I have slight bluriness after playing Guitar Hero: OT for about 2 hours...
But that goes.


----------



## Twiffles (Oct 4, 2008)

5x DS
1x PSP
2x GBC
2x GB
3x GBA
4x GBA: SP
1x GB
1x GG (Game Gear)
That's just handheld gaming things


----------



## Jdbye (Oct 4, 2008)

4-7, blurry to an extent.
In handheld gaming consoles I have a GBC, GBA, DS and GP2X, and soon to have a PSP (in 1 week)
Also, I have an iPod Nano 1st gen, mobile phone and you might call the eee 701 a handheld electronic too.

Broken Skye: WTF. 5 DSes, 7 GBAs? Lies!


----------



## jalaneme (Oct 4, 2008)

gameboy original, gameboy colour, gameboy advanced sp, ds lite, psp slim, nokia n73, ipod classic 80gb, i'm spoiled for choice.

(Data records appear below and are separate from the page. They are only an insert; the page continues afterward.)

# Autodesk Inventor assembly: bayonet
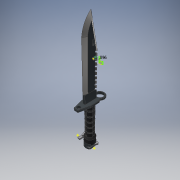
[picture p0: Inventor's stored thumbnail of the model, 180x180]
Saved by Autodesk Inventor 2018 (Build 220112000, 112)
## iProperties
Created: 2020-12-01
Part Number: bayonet
Material: Všeobecné
Document SubType Name: Assembly
Designer: Jozko Mrkvicka
Author: Jozko Mrkvicka
## Documents named in this file (10)
- F:\Workspace\05_Projekty\Bayonet\bayonet.iam
- F:\Workspace\05_Projekty\Bayonet\blade.ipt
- F:\Workspace\05_Projekty\Bayonet\crossguard.ipt
- F:\Workspace\05_Projekty\Bayonet\handle.ipt
- F:\Workspace\05_Projekty\Bayonet\attachment.ipt
- F:\Workspace\05_Projekty\Bayonet\pin.ipt
- F:\Workspace\05_Projekty\Bayonet\nut.ipt
- F:\Workspace\05_Projekty\Common\Library_Inventor\Bolt-M3x20.ipt
- F:\Workspace\05_Projekty\Common\Library_Inventor\Nut-M3.ipt
- F:\Workspace\05_Projekty\Common\Library_Inventor\LED-5mm-Green.ipt
## Components (12 placed, 9 different names)
1. blade:1 — Proti sobě:8, Proti sobě:9, Proti sobě:10, Proti sobě:11, Proti sobě:12, Vložit:5
2. crossguard:1 — Proti sobě:8, Proti sobě:9, Proti sobě:10, Proti sobě:13
3. handle:1 — Proti sobě:11, Proti sobě:12, Proti sobě:13, Proti sobě:14
4. attachment:1 — Vložit:1, Vložit:2, Proti sobě:14, Vložit:4, Vložit:6, Vložit:7, Vložit:8, Proti sobě:15, Vložit:9, Proti sobě:16, Vložit:10
5. pin:1 — Rotace:1, Vložit:1, Vložit:10
6. pin:2 — Rotace:1, Vložit:2
7. nut:1 — Vložit:4, Vložit:5
8. Bolt-M3x20:1 — Vložit:6
9. Bolt-M3x20:2 — Vložit:7
10. Nut-M3:1 — Vložit:8, Proti sobě:15
11. Nut-M3:2 — Vložit:9, Proti sobě:16
12. LED-5mm-Green:1
## Relationships (19: Insert 9, Mate 9, RelateRotation 1)
- Rotace:1 [RelateRotation] (1 ul): pin:1 ↔ pin:2
- Vložit:1 [Insert]: attachment:1 ↔ pin:1
- Vložit:2 [Insert]: attachment:1 ↔ pin:2
- Proti sobě:8 [Mate]: blade:1 ↔ crossguard:1
- Proti sobě:9 [Mate]: blade:1 ↔ crossguard:1
- Proti sobě:10 [Mate]: blade:1 ↔ crossguard:1
- Proti sobě:11 [Mate]: blade:1 ↔ handle:1
- Proti sobě:12 [Mate]: blade:1 ↔ handle:1
- Proti sobě:13 [Mate]: crossguard:1 ↔ handle:1
- Proti sobě:14 [Mate]: handle:1 ↔ attachment:1
- Vložit:4 [Insert]: attachment:1 ↔ nut:1
- Vložit:5 [Insert]: blade:1 ↔ nut:1
- Vložit:6 [Insert]: attachment:1 ↔ Bolt-M3x20:1
- Vložit:7 [Insert]: attachment:1 ↔ Bolt-M3x20:2
- Vložit:8 [Insert]: attachment:1 ↔ Nut-M3:1
- Proti sobě:15 [Mate]: attachment:1 ↔ Nut-M3:1
- Vložit:9 [Insert]: attachment:1 ↔ Nut-M3:2
- Proti sobě:16 [Mate]: attachment:1 ↔ Nut-M3:2
- Vložit:10 [Insert]: attachment:1 ↔ pin:1

i'm short sighted but wear contact lenses, what has vision got to do with handhelds anyway?


----------



## myuusmeow (Oct 4, 2008)

In order I got them: 1 original GB that rarely works now, 2 GBCs that work fine, 1 Game Gear that doesn't work with batteries (can't find AC adapter), 1 original GBA that works fine, an old Samsung MP3 player that works fine, 1 DS Lite that works fine, an old cell phone that works fine, and 1 PSP Slim that works fine.

So 9 in total.

My vision is horrible. I haven't gone to the doc recently but I'm pretty sure its like 20/80 or something. My whole family has bad eyesight, dad's vision is like 20/250 (legally blind w/o glasses), mom's is better at like 20/40, sister's is similar to mine.


----------



## Regiiko (Oct 5, 2008)

iPod Video 30GB
Cellphone
Game Boy Colour
Nintendo DS

That's all? O_O

EDIT: My eyesight has been bad, even before I started using a computer.


----------



## OrcMonkey© (Oct 5, 2008)

ds lite
psp slim
game boy colour
cellphone (razer)


----------



## javad (Oct 10, 2008)

all nintendo, xbox and sony, sega, atari, commodre almost all video game systems and have 7 computers


----------



## Renegade_R (Oct 10, 2008)

iPhone 3G 8GB
Meizu M6 4GB
Creative Zen nano plus
Gameboy Advance SP
Gameboy Monochrome
Nintendo DS Phat
Sony Clie TJ-37 PDA
Motorola RAZR
Sony MD Player (forgot the model)


----------



## mad567 (Oct 10, 2008)

Gameboy Advance SP
Gameboy Pocket
Gameboy Colour
Nintendo DS Lite
PSP
Sony ericsson W810i


----------



## Shakraka (Oct 12, 2008)

Do GameGears count? 


Spoiler



FUCK YEAH, SIX AA BATTERIES TO POWER IT!


----------



## Minox (Oct 12, 2008)

Gameboy Colour
Gameboy Advance
Nintendo DS Lite
iPod Mini v2
iPod Nano v2
TI-84 Plus

I should also get a Pandora in the end of November.


----------



## ENDscape (Oct 12, 2008)

GBC
GBA
PSP
NDS
MP3 Player (Sansa e280)
Cell Phone (nokia)

And my eyesight is good but far things are a little blurry, just a little.


----------



## JDMEVOIXMR (Oct 16, 2008)

Gameboy
Gameboy Color Atomic Purple
Gameboy Color Pokemon Limited Edition
Gameboy Advance Glacier
Gameboy Advance Indigo
DS Phat White
DS lite Zelda Edition
iPod Video 30GB
iPod Nano 8GB
Nokia 2610
Motorola c168i
Motorola RAZR V3

Had: (sold)
DS lite Onyx
iPod Touch 8GB
Sony Ericsson Walkman w580i

Broken:
Sony PSP
DS lite (bought broken)
Sony Ericsson Walkman w580i (got it broken)


----------



## Upperleft (Oct 16, 2008)

My eyesight is blurry, but i can see (my friends think that i can't see shit)
and i have OVER 9000 11 handhelds


----------



## aphirst (Dec 31, 2008)

Nintendo DS Lite (Woot! 
	

	
	
		
		

		
			





)
Creative Zen 16GB
Vodafone Huawei 810 (This is *so* getting replaced soon, as it is very naff)
Creative Zen MicroPhoto 4GB (in a coat pocket somewhere, with a busted HDD)
Casio CFX9750 (it may be a calculator, but you can have Tetris, Pac Man, and multiplayer Pong!)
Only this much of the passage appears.